[Opening Data for this exercise section]

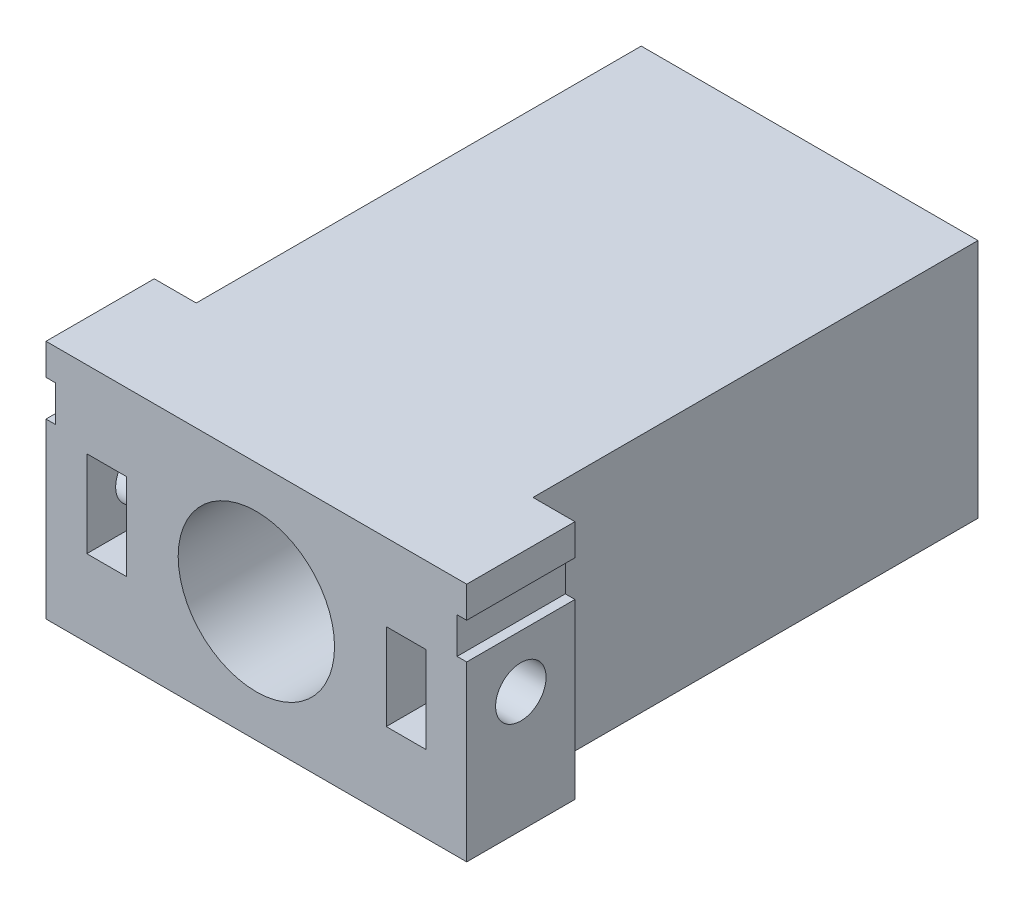
ISO-10303-21;
HEADER;
FILE_DESCRIPTION(('STEP AP214'),'2;1');
FILE_NAME('part.step','',(''),(''),'','','');
FILE_SCHEMA(('AUTOMOTIVE_DESIGN { 1 0 10303 214 1 1 1 1 }'));
ENDSEC;
DATA;
#1=APPLICATION_CONTEXT('core data for automotive mechanical design processes');
#2=APPLICATION_PROTOCOL_DEFINITION('international standard','automotive_design',2000,#1);
#3=PRODUCT_CONTEXT('',#1,'mechanical');
#4=PRODUCT('Part','Part','',(#3));
#5=PRODUCT_RELATED_PRODUCT_CATEGORY('part','',(#4));
#6=PRODUCT_DEFINITION_FORMATION('','',#4);
#7=PRODUCT_DEFINITION_CONTEXT('part definition',#1,'design');
#8=PRODUCT_DEFINITION('design','',#6,#7);
#9=PRODUCT_DEFINITION_SHAPE('','',#8);
#10=(LENGTH_UNIT() NAMED_UNIT(*) SI_UNIT(.MILLI.,.METRE.));
#11=(NAMED_UNIT(*) PLANE_ANGLE_UNIT() SI_UNIT($,.RADIAN.));
#12=(NAMED_UNIT(*) SI_UNIT($,.STERADIAN.) SOLID_ANGLE_UNIT());
#13=UNCERTAINTY_MEASURE_WITH_UNIT(LENGTH_MEASURE(1.E-05),#10,'distance_accuracy_value','');
#14=(GEOMETRIC_REPRESENTATION_CONTEXT(3) GLOBAL_UNCERTAINTY_ASSIGNED_CONTEXT((#13)) GLOBAL_UNIT_ASSIGNED_CONTEXT((#10,
#11,#12)) REPRESENTATION_CONTEXT('',''));
#15=CARTESIAN_POINT('',(0.,0.,0.));
#16=DIRECTION('',(0.,0.,1.));
#17=DIRECTION('',(1.,0.,0.));
#18=AXIS2_PLACEMENT_3D('',#15,#16,#17);
#19=CARTESIAN_POINT('',(0.,0.,46.));
#20=DIRECTION('',(0.,0.,1.));
#21=DIRECTION('',(1.,0.,0.));
#22=AXIS2_PLACEMENT_3D('',#19,#20,#21);
#23=PLANE('',#22);
#24=DIRECTION('',(0.,-1.,0.));
#25=VECTOR('',#24,1.);
#26=CARTESIAN_POINT('',(14.1,0.,46.));
#27=LINE('',#26,#25);
#28=CARTESIAN_POINT('',(14.1,3.60000000000001,46.));
#29=VERTEX_POINT('',#28);
#30=CARTESIAN_POINT('',(14.1,-3.60000000000001,46.));
#31=VERTEX_POINT('',#30);
#32=EDGE_CURVE('E271',#29,#31,#27,.T.);
#33=ORIENTED_EDGE('',*,*,#32,.T.);
#34=DIRECTION('',(1.,0.,0.));
#35=VECTOR('',#34,1.);
#36=CARTESIAN_POINT('',(10.8,-3.60000000000001,46.));
#37=LINE('',#36,#35);
#38=CARTESIAN_POINT('',(10.8,-3.60000000000001,46.));
#39=VERTEX_POINT('',#38);
#40=EDGE_CURVE('E390',#39,#31,#37,.T.);
#41=ORIENTED_EDGE('',*,*,#40,.F.);
#42=DIRECTION('',(0.,-1.,0.));
#43=VECTOR('',#42,1.);
#44=CARTESIAN_POINT('',(10.8,0.,46.));
#45=LINE('',#44,#43);
#46=CARTESIAN_POINT('',(10.8,3.60000000000001,46.));
#47=VERTEX_POINT('',#46);
#48=EDGE_CURVE('E376',#47,#39,#45,.T.);
#49=ORIENTED_EDGE('',*,*,#48,.F.);
#50=DIRECTION('',(1.,0.,0.));
#51=VECTOR('',#50,1.);
#52=CARTESIAN_POINT('',(10.8,3.60000000000001,46.));
#53=LINE('',#52,#51);
#54=EDGE_CURVE('E394',#47,#29,#53,.T.);
#55=ORIENTED_EDGE('',*,*,#54,.T.);
#56=EDGE_LOOP('',(#33,#41,#49,#55));
#57=FACE_BOUND('',#56,.T.);
#58=CARTESIAN_POINT('',(0.,0.,46.));
#59=DIRECTION('',(0.,0.,1.));
#60=DIRECTION('',(1.,0.,0.));
#61=AXIS2_PLACEMENT_3D('',#58,#59,#60);
#62=CIRCLE('',#61,6.5);
#63=CARTESIAN_POINT('',(6.5,0.,46.));
#64=VERTEX_POINT('',#63);
#65=EDGE_CURVE('E421',#64,#64,#62,.T.);
#66=ORIENTED_EDGE('',*,*,#65,.F.);
#67=EDGE_LOOP('',(#66));
#68=FACE_BOUND('',#67,.T.);
#69=DIRECTION('',(0.,1.,0.));
#70=VECTOR('',#69,1.);
#71=CARTESIAN_POINT('',(-14.1,0.,46.));
#72=LINE('',#71,#70);
#73=CARTESIAN_POINT('',(-14.1,-3.6,46.));
#74=VERTEX_POINT('',#73);
#75=CARTESIAN_POINT('',(-14.1,3.60000000000001,46.));
#76=VERTEX_POINT('',#75);
#77=EDGE_CURVE('E294',#74,#76,#72,.T.);
#78=ORIENTED_EDGE('',*,*,#77,.T.);
#79=DIRECTION('',(-1.,0.,0.));
#80=VECTOR('',#79,1.);
#81=CARTESIAN_POINT('',(-10.8,3.60000000000001,46.));
#82=LINE('',#81,#80);
#83=CARTESIAN_POINT('',(-10.8,3.60000000000001,46.));
#84=VERTEX_POINT('',#83);
#85=EDGE_CURVE('E355',#84,#76,#82,.T.);
#86=ORIENTED_EDGE('',*,*,#85,.F.);
#87=DIRECTION('',(0.,1.,0.));
#88=VECTOR('',#87,1.);
#89=CARTESIAN_POINT('',(-10.8,0.,46.));
#90=LINE('',#89,#88);
#91=CARTESIAN_POINT('',(-10.8,-3.6,46.));
#92=VERTEX_POINT('',#91);
#93=EDGE_CURVE('E330',#92,#84,#90,.T.);
#94=ORIENTED_EDGE('',*,*,#93,.F.);
#95=DIRECTION('',(-1.,0.,0.));
#96=VECTOR('',#95,1.);
#97=CARTESIAN_POINT('',(-10.8,-3.6,46.));
#98=LINE('',#97,#96);
#99=EDGE_CURVE('E358',#92,#74,#98,.T.);
#100=ORIENTED_EDGE('',*,*,#99,.T.);
#101=EDGE_LOOP('',(#78,#86,#94,#100));
#102=FACE_BOUND('',#101,.T.);
#103=DIRECTION('',(0.,-1.,0.));
#104=VECTOR('',#103,1.);
#105=CARTESIAN_POINT('',(16.69,0.,46.));
#106=LINE('',#105,#104);
#107=CARTESIAN_POINT('',(16.69,7.4,46.));
#108=VERTEX_POINT('',#107);
#109=CARTESIAN_POINT('',(16.69,4.4,46.));
#110=VERTEX_POINT('',#109);
#111=EDGE_CURVE('E234',#108,#110,#106,.T.);
#112=ORIENTED_EDGE('',*,*,#111,.F.);
#113=DIRECTION('',(1.,0.,0.));
#114=VECTOR('',#113,1.);
#115=CARTESIAN_POINT('',(16.69,7.4,46.));
#116=LINE('',#115,#114);
#117=CARTESIAN_POINT('',(17.49,7.4,46.));
#118=VERTEX_POINT('',#117);
#119=EDGE_CURVE('E217',#108,#118,#116,.T.);
#120=ORIENTED_EDGE('',*,*,#119,.T.);
#121=DIRECTION('',(0.,-1.,0.));
#122=VECTOR('',#121,1.);
#123=CARTESIAN_POINT('',(17.49,0.,46.));
#124=LINE('',#123,#122);
#125=CARTESIAN_POINT('',(17.49,10.,46.));
#126=VERTEX_POINT('',#125);
#127=EDGE_CURVE('E278',#126,#118,#124,.T.);
#128=ORIENTED_EDGE('',*,*,#127,.F.);
#129=DIRECTION('',(-1.,0.,0.));
#130=VECTOR('',#129,1.);
#131=CARTESIAN_POINT('',(14.,10.,46.));
#132=LINE('',#131,#130);
#133=CARTESIAN_POINT('',(-17.49,10.,46.));
#134=VERTEX_POINT('',#133);
#135=EDGE_CURVE('E430',#126,#134,#132,.T.);
#136=ORIENTED_EDGE('',*,*,#135,.T.);
#137=DIRECTION('',(0.,1.,0.));
#138=VECTOR('',#137,1.);
#139=CARTESIAN_POINT('',(-17.49,0.,46.));
#140=LINE('',#139,#138);
#141=CARTESIAN_POINT('',(-17.49,7.4,46.));
#142=VERTEX_POINT('',#141);
#143=EDGE_CURVE('E304',#142,#134,#140,.T.);
#144=ORIENTED_EDGE('',*,*,#143,.F.);
#145=DIRECTION('',(-1.,0.,0.));
#146=VECTOR('',#145,1.);
#147=CARTESIAN_POINT('',(-16.69,7.4,46.));
#148=LINE('',#147,#146);
#149=CARTESIAN_POINT('',(-16.69,7.4,46.));
#150=VERTEX_POINT('',#149);
#151=EDGE_CURVE('E69',#150,#142,#148,.T.);
#152=ORIENTED_EDGE('',*,*,#151,.F.);
#153=DIRECTION('',(0.,1.,0.));
#154=VECTOR('',#153,1.);
#155=CARTESIAN_POINT('',(-16.69,0.,46.));
#156=LINE('',#155,#154);
#157=CARTESIAN_POINT('',(-16.69,4.4,46.));
#158=VERTEX_POINT('',#157);
#159=EDGE_CURVE('E254',#158,#150,#156,.T.);
#160=ORIENTED_EDGE('',*,*,#159,.F.);
#161=DIRECTION('',(-1.,0.,0.));
#162=VECTOR('',#161,1.);
#163=CARTESIAN_POINT('',(-16.69,4.4,46.));
#164=LINE('',#163,#162);
#165=CARTESIAN_POINT('',(-17.49,4.4,46.));
#166=VERTEX_POINT('',#165);
#167=EDGE_CURVE('E268',#158,#166,#164,.T.);
#168=ORIENTED_EDGE('',*,*,#167,.T.);
#169=CARTESIAN_POINT('',(-17.49,-10.,46.));
#170=VERTEX_POINT('',#169);
#171=EDGE_CURVE('E300',#170,#166,#140,.T.);
#172=ORIENTED_EDGE('',*,*,#171,.F.);
#173=DIRECTION('',(1.,0.,0.));
#174=VECTOR('',#173,1.);
#175=CARTESIAN_POINT('',(14.,-10.,46.));
#176=LINE('',#175,#174);
#177=CARTESIAN_POINT('',(17.49,-10.,46.));
#178=VERTEX_POINT('',#177);
#179=EDGE_CURVE('E427',#170,#178,#176,.T.);
#180=ORIENTED_EDGE('',*,*,#179,.T.);
#181=CARTESIAN_POINT('',(17.49,4.4,46.));
#182=VERTEX_POINT('',#181);
#183=EDGE_CURVE('E281',#182,#178,#124,.T.);
#184=ORIENTED_EDGE('',*,*,#183,.F.);
#185=DIRECTION('',(1.,0.,0.));
#186=VECTOR('',#185,1.);
#187=CARTESIAN_POINT('',(16.69,4.4,46.));
#188=LINE('',#187,#186);
#189=EDGE_CURVE('E61',#110,#182,#188,.T.);
#190=ORIENTED_EDGE('',*,*,#189,.F.);
#191=EDGE_LOOP('',(#112,#120,#128,#136,#144,#152,#160,#168,#172,#180,#184,#190));
#192=FACE_BOUND('',#191,.T.);
#193=ADVANCED_FACE('F46',(#57,#68,#102,#192),#23,.T.);
#194=CARTESIAN_POINT('',(-2.56739074444562E-12,-19.0005555384098,36.999999999999));
#195=DIRECTION('',(0.,0.,-1.));
#196=DIRECTION('',(-1.,0.,0.));
#197=AXIS2_PLACEMENT_3D('',#194,#195,#196);
#198=PLANE('',#197);
#199=DIRECTION('',(0.,1.,0.));
#200=VECTOR('',#199,1.);
#201=CARTESIAN_POINT('',(17.49,0.,37.));
#202=LINE('',#201,#200);
#203=CARTESIAN_POINT('',(17.49,7.4,37.));
#204=VERTEX_POINT('',#203);
#205=CARTESIAN_POINT('',(17.49,10.,37.));
#206=VERTEX_POINT('',#205);
#207=EDGE_CURVE('E284',#204,#206,#202,.T.);
#208=ORIENTED_EDGE('',*,*,#207,.F.);
#209=DIRECTION('',(1.,0.,0.));
#210=VECTOR('',#209,1.);
#211=CARTESIAN_POINT('',(16.69,7.4,37.));
#212=LINE('',#211,#210);
#213=CARTESIAN_POINT('',(16.69,7.4,37.));
#214=VERTEX_POINT('',#213);
#215=EDGE_CURVE('E247',#214,#204,#212,.T.);
#216=ORIENTED_EDGE('',*,*,#215,.F.);
#217=DIRECTION('',(0.,1.,0.));
#218=VECTOR('',#217,1.);
#219=CARTESIAN_POINT('',(16.69,0.,37.));
#220=LINE('',#219,#218);
#221=CARTESIAN_POINT('',(16.69,4.4,37.));
#222=VERTEX_POINT('',#221);
#223=EDGE_CURVE('E228',#222,#214,#220,.T.);
#224=ORIENTED_EDGE('',*,*,#223,.F.);
#225=DIRECTION('',(1.,0.,0.));
#226=VECTOR('',#225,1.);
#227=CARTESIAN_POINT('',(16.69,4.4,37.));
#228=LINE('',#227,#226);
#229=CARTESIAN_POINT('',(17.49,4.4,37.));
#230=VERTEX_POINT('',#229);
#231=EDGE_CURVE('E250',#222,#230,#228,.T.);
#232=ORIENTED_EDGE('',*,*,#231,.T.);
#233=CARTESIAN_POINT('',(17.49,-10.,37.));
#234=VERTEX_POINT('',#233);
#235=EDGE_CURVE('E285',#234,#230,#202,.T.);
#236=ORIENTED_EDGE('',*,*,#235,.F.);
#237=DIRECTION('',(1.,0.,0.));
#238=VECTOR('',#237,1.);
#239=CARTESIAN_POINT('',(-2.56739074444562E-12,-10.,36.999999999999));
#240=LINE('',#239,#238);
#241=CARTESIAN_POINT('',(14.,-10.,37.));
#242=VERTEX_POINT('',#241);
#243=EDGE_CURVE('E410',#242,#234,#240,.T.);
#244=ORIENTED_EDGE('',*,*,#243,.F.);
#245=DIRECTION('',(0.,1.,0.));
#246=VECTOR('',#245,1.);
#247=CARTESIAN_POINT('',(14.,-19.0005555384098,37.));
#248=LINE('',#247,#246);
#249=CARTESIAN_POINT('',(14.,10.,37.));
#250=VERTEX_POINT('',#249);
#251=EDGE_CURVE('E407',#242,#250,#248,.T.);
#252=ORIENTED_EDGE('',*,*,#251,.T.);
#253=DIRECTION('',(-1.,0.,0.));
#254=VECTOR('',#253,1.);
#255=CARTESIAN_POINT('',(-2.56739074444562E-12,10.,36.999999999999));
#256=LINE('',#255,#254);
#257=EDGE_CURVE('E393',#206,#250,#256,.T.);
#258=ORIENTED_EDGE('',*,*,#257,.F.);
#259=EDGE_LOOP('',(#208,#216,#224,#232,#236,#244,#252,#258));
#260=FACE_BOUND('',#259,.T.);
#261=ADVANCED_FACE('F468',(#260),#198,.T.);
#262=CARTESIAN_POINT('',(17.49,0.,0.));
#263=DIRECTION('',(1.,0.,0.));
#264=DIRECTION('',(0.,0.,-1.));
#265=AXIS2_PLACEMENT_3D('',#262,#263,#264);
#266=PLANE('',#265);
#267=ORIENTED_EDGE('',*,*,#127,.T.);
#268=DIRECTION('',(0.,0.,-1.));
#269=VECTOR('',#268,1.);
#270=CARTESIAN_POINT('',(17.49,7.4,0.));
#271=LINE('',#270,#269);
#272=EDGE_CURVE('E223',#118,#204,#271,.T.);
#273=ORIENTED_EDGE('',*,*,#272,.T.);
#274=ORIENTED_EDGE('',*,*,#207,.T.);
#275=DIRECTION('',(0.,0.,1.));
#276=VECTOR('',#275,1.);
#277=CARTESIAN_POINT('',(17.49,10.,0.));
#278=LINE('',#277,#276);
#279=EDGE_CURVE('E288',#206,#126,#278,.T.);
#280=ORIENTED_EDGE('',*,*,#279,.T.);
#281=EDGE_LOOP('',(#267,#273,#274,#280));
#282=FACE_BOUND('',#281,.T.);
#283=ADVANCED_FACE('F498',(#282),#266,.T.);
#284=CARTESIAN_POINT('',(17.49,0.,41.5));
#285=DIRECTION('',(1.,0.,0.));
#286=DIRECTION('',(0.,0.,-1.));
#287=AXIS2_PLACEMENT_3D('',#284,#285,#286);
#288=CIRCLE('',#287,2.1);
#289=CARTESIAN_POINT('',(17.49,0.,39.4));
#290=VERTEX_POINT('',#289);
#291=EDGE_CURVE('E291',#290,#290,#288,.T.);
#292=ORIENTED_EDGE('',*,*,#291,.F.);
#293=EDGE_LOOP('',(#292));
#294=FACE_BOUND('',#293,.T.);
#295=ORIENTED_EDGE('',*,*,#235,.T.);
#296=DIRECTION('',(0.,0.,1.));
#297=VECTOR('',#296,1.);
#298=CARTESIAN_POINT('',(17.49,4.4,0.));
#299=LINE('',#298,#297);
#300=EDGE_CURVE('E237',#230,#182,#299,.T.);
#301=ORIENTED_EDGE('',*,*,#300,.T.);
#302=ORIENTED_EDGE('',*,*,#183,.T.);
#303=DIRECTION('',(0.,0.,-1.));
#304=VECTOR('',#303,1.);
#305=CARTESIAN_POINT('',(17.49,-10.,0.));
#306=LINE('',#305,#304);
#307=EDGE_CURVE('E280',#178,#234,#306,.T.);
#308=ORIENTED_EDGE('',*,*,#307,.T.);
#309=EDGE_LOOP('',(#295,#301,#302,#308));
#310=FACE_BOUND('',#309,.T.);
#311=ADVANCED_FACE('F472',(#294,#310),#266,.T.);
#312=CARTESIAN_POINT('',(-17.49,0.,0.));
#313=DIRECTION('',(-1.,0.,0.));
#314=DIRECTION('',(0.,0.,1.));
#315=AXIS2_PLACEMENT_3D('',#312,#313,#314);
#316=PLANE('',#315);
#317=DIRECTION('',(0.,0.,1.));
#318=VECTOR('',#317,1.);
#319=CARTESIAN_POINT('',(-17.49,4.4,0.));
#320=LINE('',#319,#318);
#321=CARTESIAN_POINT('',(-17.49,4.4,37.));
#322=VERTEX_POINT('',#321);
#323=EDGE_CURVE('E258',#322,#166,#320,.T.);
#324=ORIENTED_EDGE('',*,*,#323,.F.);
#325=DIRECTION('',(0.,-1.,0.));
#326=VECTOR('',#325,1.);
#327=CARTESIAN_POINT('',(-17.49,0.,37.));
#328=LINE('',#327,#326);
#329=CARTESIAN_POINT('',(-17.49,-10.,37.));
#330=VERTEX_POINT('',#329);
#331=EDGE_CURVE('E307',#322,#330,#328,.T.);
#332=ORIENTED_EDGE('',*,*,#331,.T.);
#333=DIRECTION('',(0.,0.,1.));
#334=VECTOR('',#333,1.);
#335=CARTESIAN_POINT('',(-17.49,-10.,0.));
#336=LINE('',#335,#334);
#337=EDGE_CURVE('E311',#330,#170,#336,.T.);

[Closing Data for this exercise section]

What you need to do:
In the data above, retype exactly and only the lines between the one holding "#61=AXIS2_PLACEMENT_3D('',#58,#59,#60);" and the one holding "#107=CARTESIAN_POINT('',(16.69,7.4,46.));", inclusive.

Output for this exercise:
#61=AXIS2_PLACEMENT_3D('',#58,#59,#60);
#62=CIRCLE('',#61,6.5);
#63=CARTESIAN_POINT('',(6.5,0.,46.));
#64=VERTEX_POINT('',#63);
#65=EDGE_CURVE('E421',#64,#64,#62,.T.);
#66=ORIENTED_EDGE('',*,*,#65,.F.);
#67=EDGE_LOOP('',(#66));
#68=FACE_BOUND('',#67,.T.);
#69=DIRECTION('',(0.,1.,0.));
#70=VECTOR('',#69,1.);
#71=CARTESIAN_POINT('',(-14.1,0.,46.));
#72=LINE('',#71,#70);
#73=CARTESIAN_POINT('',(-14.1,-3.6,46.));
#74=VERTEX_POINT('',#73);
#75=CARTESIAN_POINT('',(-14.1,3.60000000000001,46.));
#76=VERTEX_POINT('',#75);
#77=EDGE_CURVE('E294',#74,#76,#72,.T.);
#78=ORIENTED_EDGE('',*,*,#77,.T.);
#79=DIRECTION('',(-1.,0.,0.));
#80=VECTOR('',#79,1.);
#81=CARTESIAN_POINT('',(-10.8,3.60000000000001,46.));
#82=LINE('',#81,#80);
#83=CARTESIAN_POINT('',(-10.8,3.60000000000001,46.));
#84=VERTEX_POINT('',#83);
#85=EDGE_CURVE('E355',#84,#76,#82,.T.);
#86=ORIENTED_EDGE('',*,*,#85,.F.);
#87=DIRECTION('',(0.,1.,0.));
#88=VECTOR('',#87,1.);
#89=CARTESIAN_POINT('',(-10.8,0.,46.));
#90=LINE('',#89,#88);
#91=CARTESIAN_POINT('',(-10.8,-3.6,46.));
#92=VERTEX_POINT('',#91);
#93=EDGE_CURVE('E330',#92,#84,#90,.T.);
#94=ORIENTED_EDGE('',*,*,#93,.F.);
#95=DIRECTION('',(-1.,0.,0.));
#96=VECTOR('',#95,1.);
#97=CARTESIAN_POINT('',(-10.8,-3.6,46.));
#98=LINE('',#97,#96);
#99=EDGE_CURVE('E358',#92,#74,#98,.T.);
#100=ORIENTED_EDGE('',*,*,#99,.T.);
#101=EDGE_LOOP('',(#78,#86,#94,#100));
#102=FACE_BOUND('',#101,.T.);
#103=DIRECTION('',(0.,-1.,0.));
#104=VECTOR('',#103,1.);
#105=CARTESIAN_POINT('',(16.69,0.,46.));
#106=LINE('',#105,#104);
#107=CARTESIAN_POINT('',(16.69,7.4,46.));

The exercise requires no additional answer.